## What is required:
The answer must be an exact reproduction of the lines from the start of the records below through the line containing "- added FB1: 600Ω@100MHz, Inductor_SMD:L_0603_1608Metric, symbol", and nothing more.

## Exercise data:

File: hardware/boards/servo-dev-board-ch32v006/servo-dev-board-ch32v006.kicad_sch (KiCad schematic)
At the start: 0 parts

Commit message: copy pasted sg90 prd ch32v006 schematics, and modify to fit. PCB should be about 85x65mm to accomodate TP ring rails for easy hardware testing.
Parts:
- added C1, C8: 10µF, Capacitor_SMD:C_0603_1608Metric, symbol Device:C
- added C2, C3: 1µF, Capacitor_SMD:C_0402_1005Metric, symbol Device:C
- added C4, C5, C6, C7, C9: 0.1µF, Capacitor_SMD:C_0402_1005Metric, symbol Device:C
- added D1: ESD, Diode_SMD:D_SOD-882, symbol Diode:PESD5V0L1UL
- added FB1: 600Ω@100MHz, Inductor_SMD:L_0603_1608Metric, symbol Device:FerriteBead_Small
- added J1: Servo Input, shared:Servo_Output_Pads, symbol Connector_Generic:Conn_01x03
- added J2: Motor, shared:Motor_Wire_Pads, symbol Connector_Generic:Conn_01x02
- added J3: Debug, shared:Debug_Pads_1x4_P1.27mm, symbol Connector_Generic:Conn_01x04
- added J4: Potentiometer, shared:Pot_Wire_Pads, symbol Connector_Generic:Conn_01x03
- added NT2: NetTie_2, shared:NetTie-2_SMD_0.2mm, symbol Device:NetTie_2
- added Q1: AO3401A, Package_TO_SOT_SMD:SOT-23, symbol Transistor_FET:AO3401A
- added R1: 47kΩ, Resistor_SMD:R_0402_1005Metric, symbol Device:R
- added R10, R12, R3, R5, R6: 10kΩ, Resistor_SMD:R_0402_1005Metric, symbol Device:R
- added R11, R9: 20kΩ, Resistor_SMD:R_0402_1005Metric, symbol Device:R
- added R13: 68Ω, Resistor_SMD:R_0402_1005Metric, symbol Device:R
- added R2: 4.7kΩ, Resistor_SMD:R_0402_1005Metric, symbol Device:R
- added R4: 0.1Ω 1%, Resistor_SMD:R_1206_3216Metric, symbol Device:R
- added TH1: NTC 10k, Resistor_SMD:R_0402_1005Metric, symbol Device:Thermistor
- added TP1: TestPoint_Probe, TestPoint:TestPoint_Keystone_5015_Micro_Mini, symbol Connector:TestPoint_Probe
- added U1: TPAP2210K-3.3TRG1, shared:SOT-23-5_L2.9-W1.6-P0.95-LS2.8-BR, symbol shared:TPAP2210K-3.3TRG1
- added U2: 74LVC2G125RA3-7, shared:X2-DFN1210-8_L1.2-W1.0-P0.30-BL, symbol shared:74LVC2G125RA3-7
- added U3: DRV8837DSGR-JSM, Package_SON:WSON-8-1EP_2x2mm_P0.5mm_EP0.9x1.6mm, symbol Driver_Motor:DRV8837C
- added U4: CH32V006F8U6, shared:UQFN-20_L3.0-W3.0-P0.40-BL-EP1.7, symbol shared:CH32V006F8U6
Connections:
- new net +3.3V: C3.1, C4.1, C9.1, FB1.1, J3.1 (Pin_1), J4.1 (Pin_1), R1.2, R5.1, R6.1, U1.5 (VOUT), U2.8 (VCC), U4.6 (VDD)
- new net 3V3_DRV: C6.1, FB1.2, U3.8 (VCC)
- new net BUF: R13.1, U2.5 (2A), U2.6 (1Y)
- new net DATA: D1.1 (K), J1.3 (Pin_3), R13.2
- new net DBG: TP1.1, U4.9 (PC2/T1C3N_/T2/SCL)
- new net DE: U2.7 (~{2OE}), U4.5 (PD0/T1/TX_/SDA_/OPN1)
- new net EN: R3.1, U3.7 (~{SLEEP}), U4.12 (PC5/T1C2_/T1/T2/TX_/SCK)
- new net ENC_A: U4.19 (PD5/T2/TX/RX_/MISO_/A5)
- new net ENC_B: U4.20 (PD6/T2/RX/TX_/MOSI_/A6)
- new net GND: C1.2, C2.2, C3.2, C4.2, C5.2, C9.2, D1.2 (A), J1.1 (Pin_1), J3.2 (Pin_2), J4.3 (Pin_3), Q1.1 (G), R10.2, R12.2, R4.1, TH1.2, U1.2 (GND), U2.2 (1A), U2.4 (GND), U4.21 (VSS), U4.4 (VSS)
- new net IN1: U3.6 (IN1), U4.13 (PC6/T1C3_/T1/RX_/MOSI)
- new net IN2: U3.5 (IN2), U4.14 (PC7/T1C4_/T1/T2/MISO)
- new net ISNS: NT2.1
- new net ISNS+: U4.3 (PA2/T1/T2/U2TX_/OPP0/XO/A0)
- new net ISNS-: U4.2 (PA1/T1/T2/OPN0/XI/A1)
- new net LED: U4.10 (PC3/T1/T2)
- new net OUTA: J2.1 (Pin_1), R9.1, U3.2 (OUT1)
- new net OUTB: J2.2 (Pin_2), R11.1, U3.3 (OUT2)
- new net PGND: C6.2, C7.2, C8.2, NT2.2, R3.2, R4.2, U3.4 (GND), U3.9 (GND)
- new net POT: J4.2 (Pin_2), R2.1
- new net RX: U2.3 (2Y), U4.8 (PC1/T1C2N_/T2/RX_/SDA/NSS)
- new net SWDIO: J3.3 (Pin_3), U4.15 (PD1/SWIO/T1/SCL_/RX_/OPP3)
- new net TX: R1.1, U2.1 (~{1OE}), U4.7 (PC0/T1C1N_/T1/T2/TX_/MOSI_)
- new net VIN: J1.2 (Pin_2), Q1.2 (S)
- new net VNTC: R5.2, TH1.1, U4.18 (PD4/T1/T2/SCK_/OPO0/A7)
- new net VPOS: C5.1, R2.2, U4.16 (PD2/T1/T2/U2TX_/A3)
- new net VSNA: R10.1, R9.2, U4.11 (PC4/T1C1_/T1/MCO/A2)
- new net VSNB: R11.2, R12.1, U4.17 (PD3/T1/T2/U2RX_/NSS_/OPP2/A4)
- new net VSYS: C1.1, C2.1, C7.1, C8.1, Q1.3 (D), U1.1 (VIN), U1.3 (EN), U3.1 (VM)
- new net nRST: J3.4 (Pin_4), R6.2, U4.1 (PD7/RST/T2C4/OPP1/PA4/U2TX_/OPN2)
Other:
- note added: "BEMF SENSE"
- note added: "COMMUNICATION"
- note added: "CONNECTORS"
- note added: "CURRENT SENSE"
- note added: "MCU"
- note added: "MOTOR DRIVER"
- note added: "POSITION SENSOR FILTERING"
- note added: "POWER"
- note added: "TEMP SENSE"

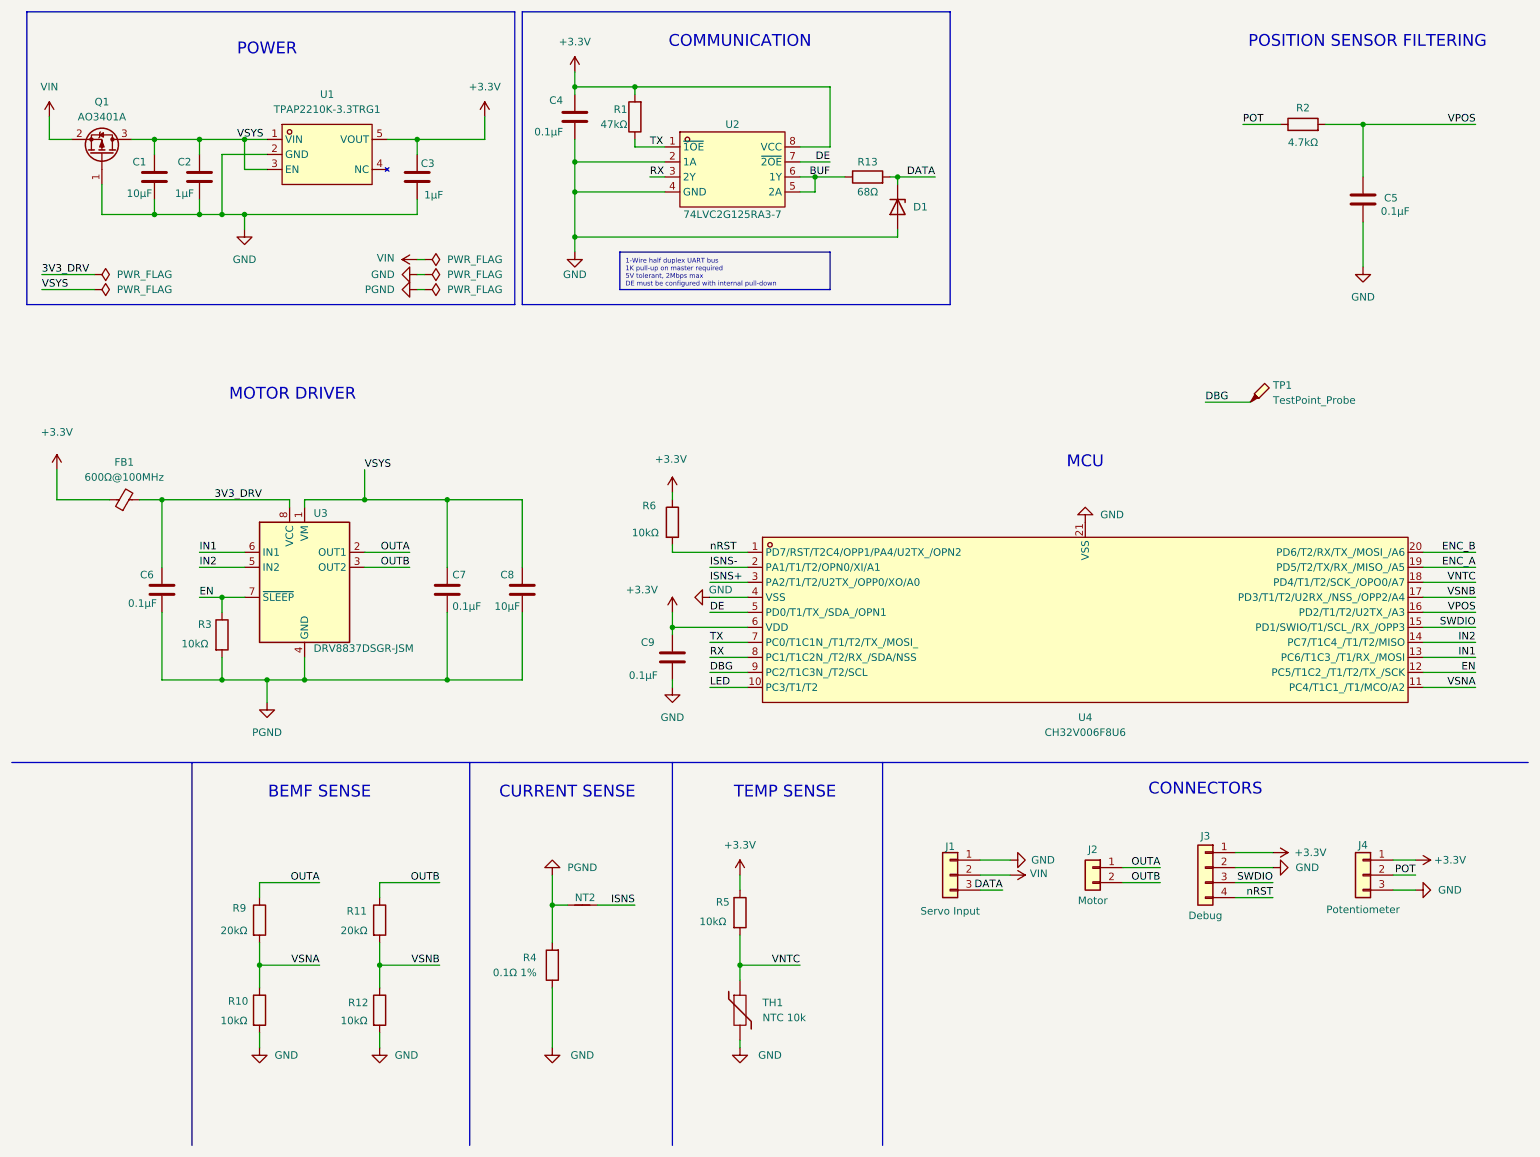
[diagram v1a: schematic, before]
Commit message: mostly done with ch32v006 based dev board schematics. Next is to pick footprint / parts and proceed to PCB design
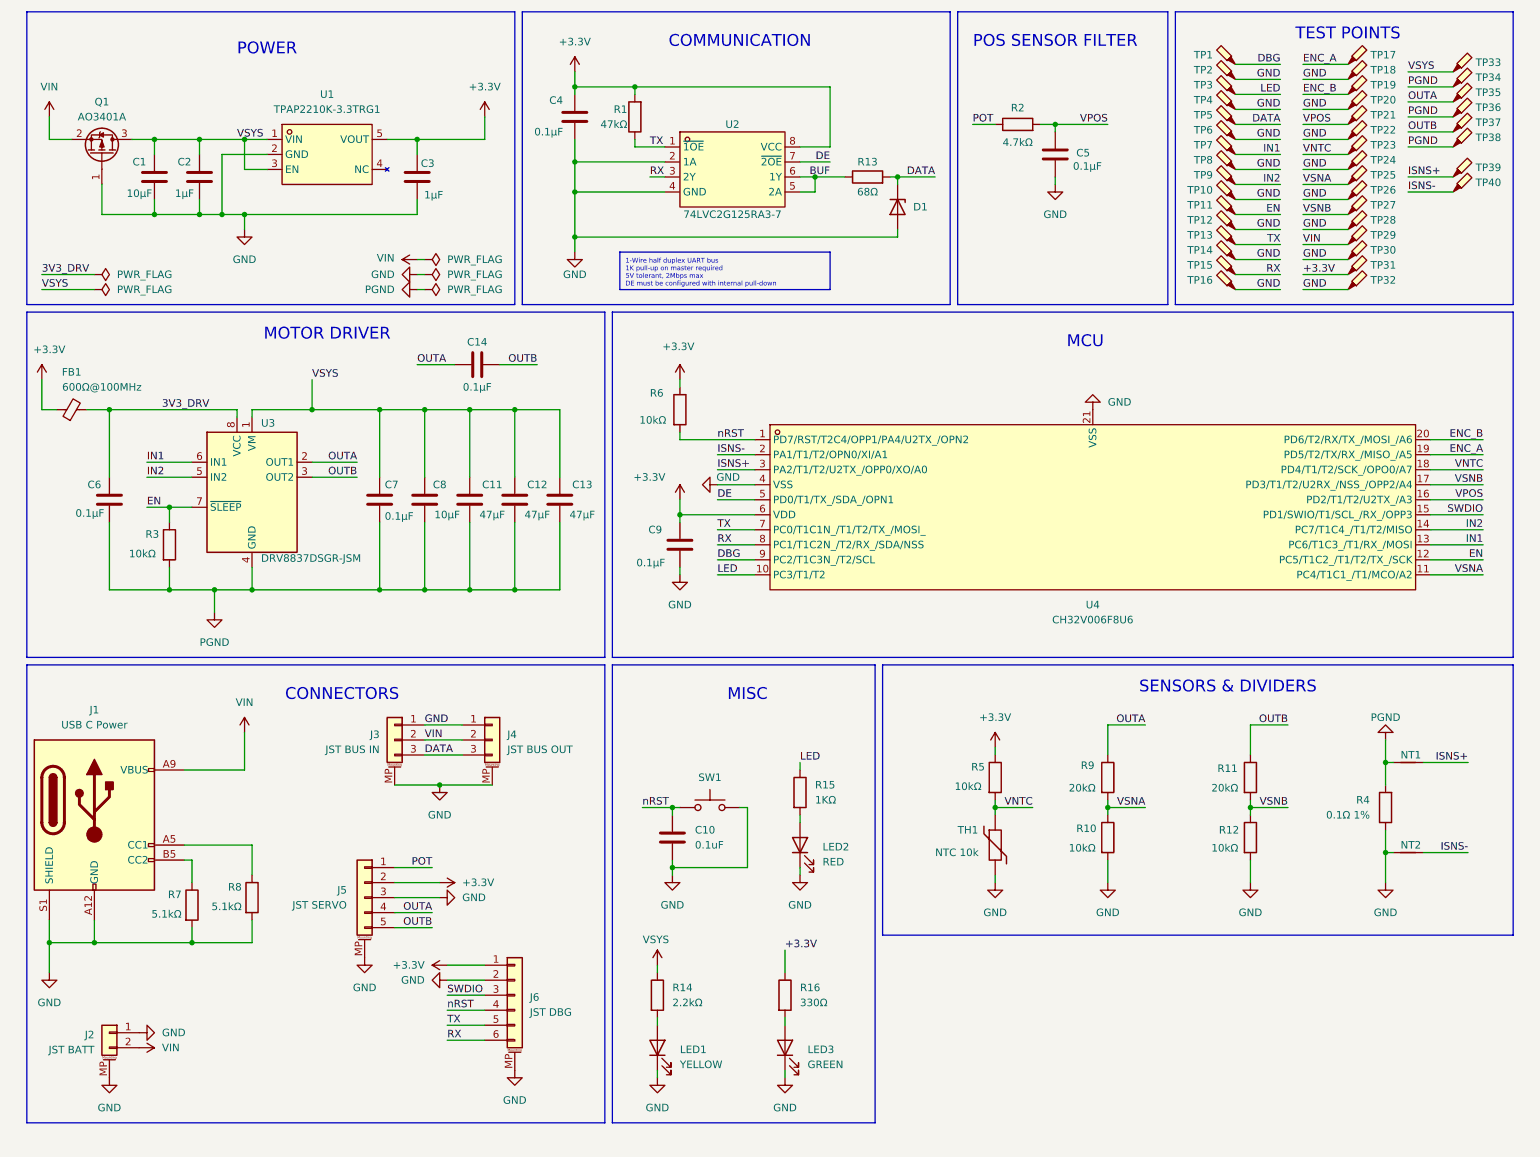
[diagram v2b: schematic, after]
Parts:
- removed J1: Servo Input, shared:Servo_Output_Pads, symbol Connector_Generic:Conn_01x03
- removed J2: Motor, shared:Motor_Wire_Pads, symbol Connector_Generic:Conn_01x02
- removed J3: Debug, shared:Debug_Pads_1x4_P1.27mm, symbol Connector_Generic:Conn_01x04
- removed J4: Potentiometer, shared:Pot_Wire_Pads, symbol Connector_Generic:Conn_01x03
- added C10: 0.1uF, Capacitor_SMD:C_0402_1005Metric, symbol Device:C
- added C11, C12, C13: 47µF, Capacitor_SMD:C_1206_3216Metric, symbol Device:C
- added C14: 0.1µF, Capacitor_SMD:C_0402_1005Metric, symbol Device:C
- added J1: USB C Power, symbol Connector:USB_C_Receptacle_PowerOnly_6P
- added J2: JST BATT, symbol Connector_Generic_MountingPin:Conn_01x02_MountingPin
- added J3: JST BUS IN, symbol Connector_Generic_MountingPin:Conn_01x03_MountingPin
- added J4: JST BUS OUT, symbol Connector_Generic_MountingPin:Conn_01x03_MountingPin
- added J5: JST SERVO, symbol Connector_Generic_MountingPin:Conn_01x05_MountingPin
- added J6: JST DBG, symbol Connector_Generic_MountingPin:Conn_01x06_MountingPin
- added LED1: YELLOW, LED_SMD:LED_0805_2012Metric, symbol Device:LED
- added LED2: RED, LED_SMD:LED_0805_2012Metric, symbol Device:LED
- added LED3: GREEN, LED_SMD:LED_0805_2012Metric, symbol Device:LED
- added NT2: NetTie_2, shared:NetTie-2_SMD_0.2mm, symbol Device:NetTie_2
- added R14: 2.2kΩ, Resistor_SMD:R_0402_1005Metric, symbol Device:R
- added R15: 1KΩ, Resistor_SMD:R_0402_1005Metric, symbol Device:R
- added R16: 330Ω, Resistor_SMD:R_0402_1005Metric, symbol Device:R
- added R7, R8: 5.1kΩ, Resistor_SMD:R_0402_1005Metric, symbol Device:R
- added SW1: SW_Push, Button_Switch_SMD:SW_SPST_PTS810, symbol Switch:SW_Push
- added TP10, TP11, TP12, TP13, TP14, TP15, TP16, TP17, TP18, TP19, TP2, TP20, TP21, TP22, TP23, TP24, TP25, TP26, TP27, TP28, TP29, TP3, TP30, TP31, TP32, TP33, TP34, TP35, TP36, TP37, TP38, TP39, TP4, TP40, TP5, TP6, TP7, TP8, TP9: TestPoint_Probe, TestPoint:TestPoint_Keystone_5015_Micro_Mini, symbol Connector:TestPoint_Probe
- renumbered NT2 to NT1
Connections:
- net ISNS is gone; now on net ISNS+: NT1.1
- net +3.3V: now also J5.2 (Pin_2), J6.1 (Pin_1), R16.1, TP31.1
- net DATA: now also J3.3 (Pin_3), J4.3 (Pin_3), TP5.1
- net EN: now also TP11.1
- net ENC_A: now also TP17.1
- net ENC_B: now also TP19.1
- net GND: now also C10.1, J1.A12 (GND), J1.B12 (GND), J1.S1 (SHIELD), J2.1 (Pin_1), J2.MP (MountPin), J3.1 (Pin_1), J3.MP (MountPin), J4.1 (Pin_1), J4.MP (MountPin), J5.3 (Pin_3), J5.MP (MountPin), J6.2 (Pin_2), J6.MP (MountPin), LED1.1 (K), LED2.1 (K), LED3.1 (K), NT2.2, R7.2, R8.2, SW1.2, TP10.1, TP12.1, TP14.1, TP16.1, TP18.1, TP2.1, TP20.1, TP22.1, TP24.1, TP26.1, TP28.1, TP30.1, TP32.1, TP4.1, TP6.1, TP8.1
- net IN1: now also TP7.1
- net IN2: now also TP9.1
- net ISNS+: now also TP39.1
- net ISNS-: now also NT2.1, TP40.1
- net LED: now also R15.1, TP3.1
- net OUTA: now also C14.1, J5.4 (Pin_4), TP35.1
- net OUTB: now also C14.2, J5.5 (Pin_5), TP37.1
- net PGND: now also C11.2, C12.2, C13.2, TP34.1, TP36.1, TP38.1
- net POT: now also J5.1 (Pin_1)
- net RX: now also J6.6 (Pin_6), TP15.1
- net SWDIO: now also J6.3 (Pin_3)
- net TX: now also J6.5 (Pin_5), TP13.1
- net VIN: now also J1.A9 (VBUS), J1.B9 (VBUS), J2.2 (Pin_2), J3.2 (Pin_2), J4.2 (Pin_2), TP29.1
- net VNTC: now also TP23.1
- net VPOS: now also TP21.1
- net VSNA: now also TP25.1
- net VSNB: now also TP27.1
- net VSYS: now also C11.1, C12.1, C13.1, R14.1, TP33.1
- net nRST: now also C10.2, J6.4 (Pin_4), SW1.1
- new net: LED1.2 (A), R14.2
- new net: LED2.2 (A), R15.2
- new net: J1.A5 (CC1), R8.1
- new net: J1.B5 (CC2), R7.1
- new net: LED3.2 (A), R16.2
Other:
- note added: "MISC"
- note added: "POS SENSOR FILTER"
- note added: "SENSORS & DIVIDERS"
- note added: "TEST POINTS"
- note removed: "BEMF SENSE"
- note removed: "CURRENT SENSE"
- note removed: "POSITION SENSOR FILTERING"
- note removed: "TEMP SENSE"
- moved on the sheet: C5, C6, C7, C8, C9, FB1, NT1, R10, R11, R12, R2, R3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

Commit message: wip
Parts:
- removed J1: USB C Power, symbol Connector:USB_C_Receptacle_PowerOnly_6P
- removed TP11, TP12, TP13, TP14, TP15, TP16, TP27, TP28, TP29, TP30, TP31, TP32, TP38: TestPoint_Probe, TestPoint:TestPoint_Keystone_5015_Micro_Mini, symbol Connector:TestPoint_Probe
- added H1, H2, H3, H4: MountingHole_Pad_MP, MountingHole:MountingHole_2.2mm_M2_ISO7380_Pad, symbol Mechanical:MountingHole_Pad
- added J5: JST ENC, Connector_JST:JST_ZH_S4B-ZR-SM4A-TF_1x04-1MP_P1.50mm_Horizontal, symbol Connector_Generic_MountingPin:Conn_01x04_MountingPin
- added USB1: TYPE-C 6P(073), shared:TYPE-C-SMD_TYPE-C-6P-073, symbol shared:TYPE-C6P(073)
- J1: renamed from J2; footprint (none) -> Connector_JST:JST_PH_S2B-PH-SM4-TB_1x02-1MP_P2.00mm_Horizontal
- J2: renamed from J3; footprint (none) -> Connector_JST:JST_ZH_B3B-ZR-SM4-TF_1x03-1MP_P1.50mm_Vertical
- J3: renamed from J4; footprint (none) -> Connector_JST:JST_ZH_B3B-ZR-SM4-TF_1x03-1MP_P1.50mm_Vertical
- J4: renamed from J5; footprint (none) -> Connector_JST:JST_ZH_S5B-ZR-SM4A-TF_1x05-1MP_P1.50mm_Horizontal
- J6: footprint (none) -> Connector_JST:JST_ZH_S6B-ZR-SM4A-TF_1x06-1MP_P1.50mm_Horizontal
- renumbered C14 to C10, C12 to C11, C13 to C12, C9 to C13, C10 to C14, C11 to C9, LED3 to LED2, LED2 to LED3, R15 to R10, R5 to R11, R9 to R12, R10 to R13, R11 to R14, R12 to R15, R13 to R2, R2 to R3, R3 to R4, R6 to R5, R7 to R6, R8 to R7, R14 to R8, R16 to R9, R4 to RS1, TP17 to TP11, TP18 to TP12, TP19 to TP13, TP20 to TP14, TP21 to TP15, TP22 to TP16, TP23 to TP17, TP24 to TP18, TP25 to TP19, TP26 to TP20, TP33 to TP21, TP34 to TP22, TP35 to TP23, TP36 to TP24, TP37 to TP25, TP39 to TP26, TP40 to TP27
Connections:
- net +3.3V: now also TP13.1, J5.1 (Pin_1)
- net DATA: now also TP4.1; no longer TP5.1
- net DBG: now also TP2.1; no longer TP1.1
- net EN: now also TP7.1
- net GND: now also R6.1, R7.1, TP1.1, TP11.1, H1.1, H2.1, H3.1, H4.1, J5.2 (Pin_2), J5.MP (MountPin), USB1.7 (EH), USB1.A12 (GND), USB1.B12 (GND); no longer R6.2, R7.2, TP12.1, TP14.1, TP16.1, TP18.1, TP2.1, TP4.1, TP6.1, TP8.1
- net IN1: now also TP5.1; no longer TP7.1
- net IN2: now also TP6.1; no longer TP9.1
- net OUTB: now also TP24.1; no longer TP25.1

## Result for this task:
File: hardware/boards/servo-dev-board-ch32v006/servo-dev-board-ch32v006.kicad_sch (KiCad schematic)
At the start: 0 parts

Commit message: copy pasted sg90 prd ch32v006 schematics, and modify to fit. PCB should be about 85x65mm to accomodate TP ring rails for easy hardware testing.
Parts:
- added C1, C8: 10µF, Capacitor_SMD:C_0603_1608Metric, symbol Device:C
- added C2, C3: 1µF, Capacitor_SMD:C_0402_1005Metric, symbol Device:C
- added C4, C5, C6, C7, C9: 0.1µF, Capacitor_SMD:C_0402_1005Metric, symbol Device:C
- added D1: ESD, Diode_SMD:D_SOD-882, symbol Diode:PESD5V0L1UL
- added FB1: 600Ω@100MHz, Inductor_SMD:L_0603_1608Metric, symbol Device:FerriteBead_Small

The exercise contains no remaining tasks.